Further, we will give an analysis on the network lifetime enhancement of our scheme compared with the traditional uniform distribution. Assume that the initial conditions of the network are the same. Sensor nodes in each corona are deployed uniformly with density $ρ_{s}$ , and the number of sensors in corona $C_{i}$ is $N_{i}^{s}$ . Since the relays in the innermost corona $C_{1}$ need to forward all the sensed messages in the whole network, those nodes consume the most energy. Thus, the maximum lifetime of a network with traditional uniform node distribution is determined by the survival time $C_{1}$ , which can be calculated as $ε / E_{1}^{'}$ , where $E_{1}^{'}$ is the average energy depletion of sensor in corona $C_{1}$ . Note that $E_{1}^{'}$ can be calculated by

\begin{matrix} E_{1}^{'} = L \cdot e_{1} + \frac{L \cdot (e_{1} + e_{2}) \cdot \sum_{k = 2}^{n} N_{k}^{s}}{N_{1}^{s}} . \end{matrix}

(10)

Thus, the network lifetime enhancement can be expressed as

\begin{array}{l} \frac{ε / E_{1}}{ε / E_{1}^{'}} = \frac{E_{1}^{'}}{E_{1}} \\ = \frac{(L \cdot e_{1} + ((L \cdot (e_{1} + e_{2}) \cdot \sum_{k = 2}^{n} N_{k}^{s}) / N_{i}^{s}))}{(L \cdot e_{1})} \\ = 1 + \frac{(e_{1} + e_{2}) \cdot \sum_{k = 2}^{n} N_{k}^{s}}{N_{1}^{s}} ≫ 1 . \end{array}

(11)

Therefore, the network lifetime can be greatly prolonged.

4. Relay Placement

According to the analysis derived in the previous section, we can calculate the ratio of relay angles in adjacent corona $C_{i}$ and $C_{i + 1}$ , where $1 \leq i < n - 1$ . In order to guarantee the energy balanced depletion and the connectivity of the network, we assume that the number of sensors in the network satisfies (8) and the number of relays satisfies (9). Assume that relay nodes are uniformly deployed over the forwarding area in corona $C_{i} (1 \leq i < n)$ . When the forwarding area approximates to arc-shaped, the angle between any two relay nodes in corona $C_{i}$ can be calculated as

\begin{matrix} α_{i} = \frac{2 π}{N_{i}^{r}}, \end{matrix}

(12)

where $α_{i}$ is defined as the relay angle of corona $C_{i}$ .

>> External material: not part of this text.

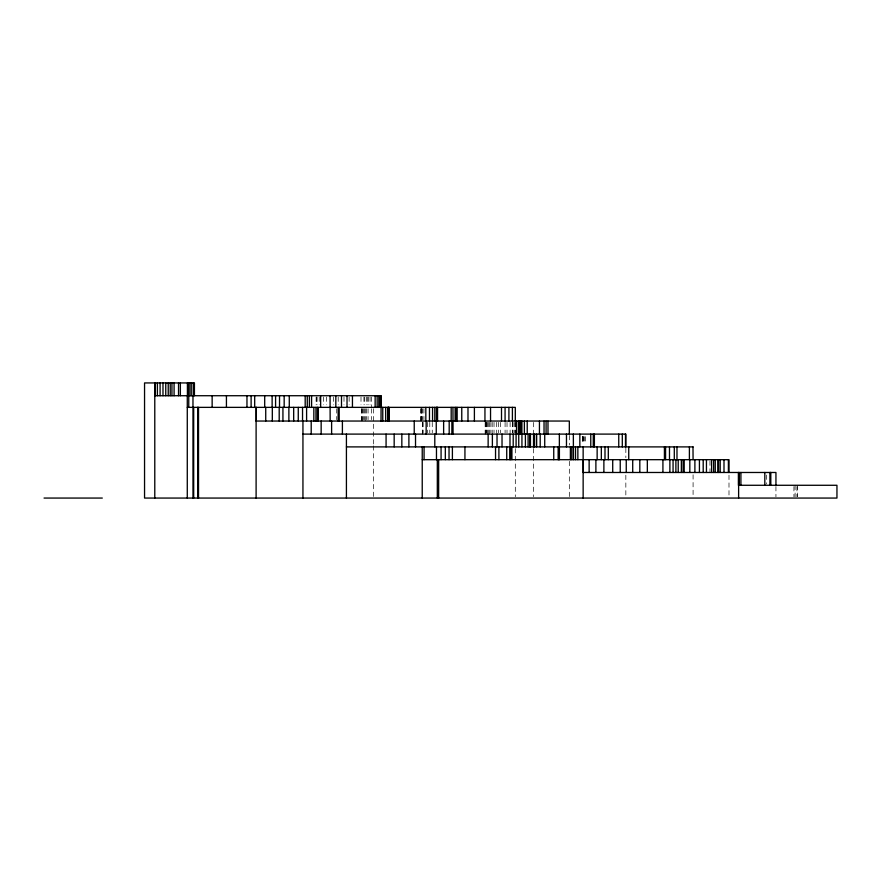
<?xml version="1.0" encoding="UTF-8"?>
<svg xmlns="http://www.w3.org/2000/svg" width="881" height="881" viewBox="0 0 881 881"><rect width="100%" height="100%" fill="white"/><g stroke="black" fill="none" stroke-linecap="round" stroke-linejoin="round"><path stroke-width="0.66" stroke-dasharray="4.41 3.3" d="M797.305 485.277L797.305 496.785M796.953 486.554L796.953 496.785M795.091 485.277L795.091 496.785M793.935 486.554L793.935 496.785M775.941 486.554L775.941 496.785M766.569 475.035L766.569 483.988M728.994 475.178L728.994 496.719M709.976 460.972L709.976 472.48M693.083 474.76L693.083 496.697M625.84 448.242L625.84 457.668M625.84 475.178L625.84 496.719M585.601 436.668L585.601 444.332M584.312 436.668L584.312 444.332M583.321 436.668L583.321 444.332M583.2 436.668L583.2 444.332M582.77 436.668L582.77 444.332M582.616 436.668L582.495 444.332M582.44 436.668L582.44 444.332M569.324 435.467L569.324 444.993M569.324 461.325L569.324 496.708M533.357 422.417L533.357 433.419M533.357 448.55L533.357 496.686M515.308 422.417L515.308 433.419M515.308 448.55L515.308 496.686M515.121 422.351L515.121 432.802M514.064 422.351L514.064 432.802M512.819 422.351L512.819 432.802M512.588 422.351L512.588 432.802M510.11 422.351L510.11 432.802M507.016 422.351L507.016 432.802M505.088 422.351L505.088 432.802M500.507 422.351L500.507 432.802M498.668 422.351L498.668 432.802M496.697 422.351L496.697 432.802M494.021 422.351L494.021 432.802M492.182 422.351L492.182 432.802M490.871 422.351L490.871 432.802M489.495 422.351L489.495 434.102M488.283 422.351L488.283 432.802M487.391 422.351L487.391 434.102M486.356 422.351L486.356 432.802M486.125 422.351L486.125 434.102M485.442 422.351L485.442 434.102M485.145 422.351L485.145 434.102M432.263 422.351L432.263 432.802M429.785 422.351L429.785 432.802M427.549 422.351L427.549 432.802M423.926 408.74L423.926 419.675M423.012 422.351L423.012 432.802M422.814 422.351L422.814 434.102M422.583 408.74L422.583 419.675M422.384 422.351L422.384 434.102M421.768 408.74L421.768 421.041M421.647 408.74L421.647 421.041M421.14 408.74L420.997 421.041M420.766 408.74L420.766 421.041M373.335 408.74L373.335 444.476M373.335 445.841L373.335 496.686M371.474 397.023L371.474 407.363M371.507 408.74L371.507 419.675M370.064 397.023L370.064 404.786M368.643 397.023L368.643 404.786M368.06 408.74L368.06 419.675M367.663 397.023L367.663 404.786M366.551 397.023L366.551 404.786M366.342 408.74L366.342 419.675M365.219 408.74L365.219 421.041M364.756 397.023L364.756 404.786M364.756 408.74L364.756 419.675M363.93 397.023L363.93 404.786M363.446 408.74L363.446 419.675M362.443 408.74L362.543 421.041M361.893 408.74L361.893 421.041M361.628 408.74L361.628 421.041M361.001 397.023L361.001 404.786M349.14 397.023L349.14 404.786M343.997 397.023L343.997 404.786M338.205 397.023L338.205 404.786M336.729 408.74L336.729 419.675M333.547 397.023L333.547 404.786M326.675 397.023L326.675 404.786M323.514 397.023L323.514 404.786M319.219 397.023L319.219 404.786M317.116 397.023L317.116 404.786M316.521 397.023L316.433 404.786M316.136 397.023L316.059 404.786"/><path stroke-width="1.32" d="M154.781 395.723L381.132 395.723L381.021 421.041M187.279 407.363L515.308 407.363L515.308 421.041M256.107 421.041L569.324 421.041L569.324 434.102M302.943 434.102L625.84 434.102L625.84 446.898M346.42 446.898L693.083 446.898M422.23 459.684L728.994 459.684L728.994 472.48M583.145 472.48L775.941 472.48L775.941 485.277M44.05 498.062L102.306 498.062M770.666 472.48L770.666 485.277M770.479 472.48L770.479 485.277M770.082 472.48L770.082 485.277M764.818 472.48L764.818 485.277M740.91 472.48L740.91 485.277M739.291 472.48L739.291 485.277M738.619 472.48L738.619 498.062M738.421 472.48L738.421 485.277L836.95 485.277L836.95 498.062L144.55 498.062L144.55 382.938L194.426 382.938L194.426 395.723M728.389 459.684L728.389 472.48M723.995 459.684L723.995 472.48M720.206 459.684L720.206 472.48M718.522 459.684L718.566 472.48M717.872 459.684L717.872 472.48M715.262 459.684L715.262 472.48M713.621 459.684L713.621 472.48M711.606 459.684L711.606 472.48M706.452 459.684L706.452 472.48M703.203 459.684L703.203 472.48M699.426 459.684L699.426 472.48M694.889 459.684L694.889 472.48M692.984 446.898L693.083 459.684M689.823 459.684L689.823 472.48M689.394 446.898L689.394 459.684M684.196 459.684L684.185 472.48M683.116 459.684L683.116 472.48M681.365 459.684L681.365 472.48M678.216 459.684L678.216 472.48M676.982 446.898L676.982 459.684M675.892 459.684L675.892 472.48M674.295 446.898L674.295 459.684M673.062 459.684L673.062 472.48M669.879 459.684L669.879 472.48M669.483 446.898L669.483 459.684M665.573 446.898L665.573 459.684M664.417 446.898L664.417 459.684M662.919 459.684L662.919 472.48M647.337 459.684L647.337 472.48M639.815 459.684L639.815 472.48M632.712 459.684L632.712 472.48M628.737 446.898L628.737 459.684M626.259 459.684L626.259 472.48M625.499 434.102L625.499 446.898M622.305 434.102L622.305 446.898M620.235 459.684L620.235 472.48M618.748 434.102L618.748 446.898M612.713 459.684L612.713 472.48M608.308 446.898L608.308 459.684M604.994 446.898L604.994 459.684M603.881 459.684L603.881 472.48M601.338 446.898L601.338 459.684M597.142 446.898L597.142 459.684M595.886 459.684L595.886 472.48M594.389 434.102L594.389 446.898M593.265 434.102L593.265 446.898M590.766 434.102L590.766 446.898M589.136 459.684L589.136 472.48M583.233 459.684L583.233 472.48M583.145 446.898L583.145 498.062M579.841 434.102L579.841 446.898M577.859 446.898L577.859 459.684M575.513 446.898L575.513 459.684M573.344 434.102L573.443 459.684M571.78 446.898L571.78 459.684M570.381 446.898L570.381 459.684M566.472 434.102L566.472 446.898M559.402 446.898L559.402 459.684M559.358 434.102L559.358 446.898M558.73 446.898L558.73 459.684M558.147 446.898L558.147 459.684M553.742 446.898L553.742 459.684M547.993 421.041L547.993 434.102M546.077 421.041L546.077 434.102M544.722 434.102L544.722 446.898M544.04 421.041L544.04 434.102M540.196 434.102L540.196 446.898M539.447 421.041L539.447 434.102M536.661 434.102L536.661 446.898M534.602 434.102L534.602 446.898M533.534 434.102L533.534 446.898M530.45 434.102L530.45 446.898M529.657 434.102L529.657 446.898M528.104 434.102L528.104 446.898M527.223 421.041L527.223 434.102M525.406 434.102L525.406 446.898M524.371 421.041L524.371 434.102M521.937 434.102L521.937 446.898M521.904 421.041L521.904 434.102M520.33 421.041L520.33 434.102M519.878 421.041L519.878 434.102M518.744 434.102L518.744 446.898M518.469 421.041L518.469 434.102M516.541 421.041L516.541 434.102M516.09 434.102L516.09 446.898M513.205 434.102L513.205 446.898M512.401 407.363L512.401 421.041M511.916 446.898L511.916 459.684M510.617 446.898L510.617 459.684M509.989 434.102L509.989 446.898M509.769 446.898L509.769 459.684M508.91 407.363L508.91 421.041M506.729 446.898L506.729 459.684M505.077 407.363L505.077 421.041M502.027 434.102L502.027 446.898M501.509 407.363L501.509 421.041M498.899 446.898L498.899 459.684M497.027 434.102L497.027 446.898M495.54 446.898L495.54 459.684M492.38 434.102L492.38 446.898M490.541 407.363L490.541 421.041M488.14 434.102L488.14 446.898M484.946 407.363L484.946 421.041M474.396 407.363L474.396 421.041M467.987 407.363L467.987 421.041M464.937 446.898L464.937 459.684M461.765 407.363L461.765 421.041M457.151 407.363L457.151 421.041M456.028 407.363L456.028 421.041M455.125 407.363L455.125 421.041M452.944 407.363L453.065 434.102M452.394 446.898L452.394 459.684M451.876 421.041L451.876 434.102M451.182 407.363L451.182 421.041M449.189 421.041L449.189 434.102M449.035 446.898L449.035 459.684M445.323 446.898L445.323 459.684M443.628 421.041L443.628 434.102M441.073 446.898L441.073 459.684M438.65 459.684L438.65 498.062M437.56 407.363L437.56 421.041M437.317 459.684L437.317 498.062M437.273 407.363L437.273 421.041M436.668 407.363L436.668 421.041M436.469 407.363L436.469 421.041M436.469 446.898L436.469 459.684M436.249 421.041L436.249 434.102M434.796 407.363L434.796 421.041M434.796 434.102L434.796 446.898M432.56 407.363L432.56 421.041M429.476 407.363L429.476 421.041M426.151 421.041L426.151 434.102M425.831 407.363L425.831 421.041M424.069 446.898L424.069 459.684M422.23 446.898L422.23 498.062M415.524 434.102L415.524 446.898M414.235 421.041L414.235 434.102M408.894 434.102L408.894 446.898M401.835 434.102L401.835 446.898M394.17 434.102L394.17 446.898M388.95 407.363L388.95 421.041M388.818 407.363L388.818 421.041M388.543 407.363L388.543 421.041M388.279 407.363L388.279 421.041M387.684 407.363L387.684 421.041M386.076 434.102L386.076 446.898M385.68 407.363L385.68 421.041M382.761 407.363L382.761 421.041M380.801 395.723L380.801 407.363M379.975 395.723L379.975 407.363M378.808 395.723L378.808 407.363M377.145 395.723L377.145 407.363M375.141 395.723L375.141 407.363M352.444 395.723L352.444 407.363M347.026 395.723L347.026 407.363M346.42 434.102L346.42 498.062M342.401 421.041L342.401 434.102M341.498 395.723L341.498 407.363M339.174 407.363L339.218 421.041M338.139 407.363L338.139 421.041M335.826 395.723L335.826 407.363M331.608 421.041L331.608 434.102M330.155 421.041L330.056 395.723M321.158 421.041L321.158 434.102M320.651 395.723L320.651 407.363M317.457 407.363L317.457 421.041M315.96 407.363L315.96 421.041M313.834 407.363L313.834 421.041M311.588 395.723L311.588 407.363M311.202 421.041L311.202 434.102M309.396 395.723L309.396 407.363M307.271 395.723L307.271 407.363M306.599 407.363L306.599 421.041M305.189 395.723L305.189 407.363M302.943 421.041L302.943 498.062M302.535 407.363L302.535 421.041M298.263 407.363L298.263 421.041M293.681 407.363L293.681 421.041M289.276 395.723L289.276 407.363M288.88 407.363L288.88 421.041M284.167 395.723L284.167 407.363M282.933 407.363L282.933 421.041M279.519 395.723L279.519 407.363M279.2 407.363L279.2 421.041M275.588 395.723L275.588 407.363M272.317 407.363L272.317 421.041M272.13 395.723L272.13 407.363M265.732 407.363L265.732 421.041M264.696 395.723L264.696 407.363M256.305 407.363L256.305 421.041M256.107 407.363L256.107 498.062M254.686 395.723L254.686 407.363M251.118 395.723L251.118 407.363M246.966 395.723L246.966 407.363M226.428 395.723L226.428 407.363M212.145 395.723L212.145 407.363M198.522 407.363L198.522 498.062M197.862 407.363L197.862 498.062M197.674 407.363L197.674 498.062M193.743 382.938L193.743 395.723M193.688 407.363L193.688 498.062M192.972 395.723L192.983 498.062M191.772 382.938L191.772 395.723M190.087 382.938L190.087 395.723M188.754 395.723L188.754 407.363M188.6 382.938L188.6 395.723M187.411 382.938L187.411 395.723M187.279 395.723L187.279 498.062M180.363 382.938L180.363 395.723M178.535 382.938L178.535 395.723M174.086 382.938L174.086 395.723M171.938 382.938L171.938 395.723M170.231 382.938L170.231 395.723M168.227 382.938L168.227 395.723M165.76 382.938L165.76 395.723M162.985 382.938L162.985 395.723M160.089 382.938L160.089 395.723M157.391 382.938L157.391 395.723M154.99 382.938L154.99 395.723M154.781 382.938L154.781 498.062M520.638 434.102L520.638 421.041L520.627 434.102M318.019 421.041L318.019 407.363L317.942 421.041"/></g></svg>

The ratio of relay angles of two adjacent coronas $C_{i + 1}$ and $C_{i}$ can be expressed as

\begin{matrix} \frac{α_{i}}{α_{i + 1}} = \frac{n^{2} - {(i + 1)}^{2}}{n^{2} - i^{2}} . \end{matrix}

(13)

Theorem 3.

Define that the distance between corona $C_{i}$ and the sink node is $d_{i}^{r}$ and the distance between corona $C_{i}$ and $C_{i + 1}$ is $d_{i, i + 1}^{r}$ . If $d_{i, i + 1}^{r} \leq \sqrt{R_{c}^{2} - {(d_{i}^{r} \cdot \sin α_{i})}^{2}}$ , it can always guarantee that the messages forwarded by relay nodes in corona $C_{i + 1}$ are evenly distributed along relay nodes in corona $C_{i}$ .

Proof.

As shown in Figure 2, according to the relationship of relay angles within adjacent coronas, the relay angle of corona $C_{i + 1}$ and corona $C_{i}$ satisfies

\begin{matrix} α_{i + 1} = ⌈ \frac{n^{2} - i^{2}}{n^{2} - {(i + 1)}^{2}} ⌉ \cdot α_{i}, \end{matrix}

(14)

where $⌈ ⌉$ represents the ceil function. Note that $(n^{2} - i^{2}) / (n^{2} - {(i + 1)}^{2})$ can be rewritten as

\begin{matrix} \frac{n^{2} - i^{2}}{n^{2} - {(i + 1)}^{2}} = 1 + \frac{2 i + 1}{n^{2} - {(i + 1)}^{2}} . \end{matrix}

(15)

Here, we should notice that (15) is an increasing function with respect to i, $1 \leq i \leq n - 1$ . When $i = n - 2$ , the maximum value of (15) is

\begin{matrix} {(\frac{n^{2} - i^{2}}{n^{2} - {(i + 1)}^{2}})}_{\max} = 1 + \frac{2 n - 3}{2 n - 1} < 2 . \end{matrix}

(16)

Combining (16) with (14), we can conclude that, to meet the condition of balanced energy depletion among all the nodes, each relay in corona $C_{i + 1}$ needs at least two forwarding nodes in corona $C_{i}$ . That is,

\begin{matrix} α_{i + 1} = ⌈ \frac{n^{2} - i^{2}}{n^{2} - {(i + 1)}^{2}} ⌉ \cdot α_{i} = 2 \cdot α_{i} . \end{matrix}

(17)

Owning to triangle conversion relation, when $d_{i, i + 1}^{r} \leq \sqrt{R_{c}^{2} - {(d_{i}^{r} \cdot \sin α_{i})}^{2}}$ , we have

\begin{matrix} \sqrt{R_{c}^{2} - {(d_{i, i + 1}^{r})}^{2}} \geq d_{i}^{r} \cdot \sin α_{i} . \end{matrix}

(18)

That is to say, when the relay angle in corona $C_{i + 1}$ is no smaller than $2 α_{i}$ , we can always guarantee that any relays in corona $C_{i + 1}$ can choose at least two forwarding relay nodes in $C_{i}$ . This completes the proof of Theorem 3.

Figure 2

Distance calculation between adjacent coronas.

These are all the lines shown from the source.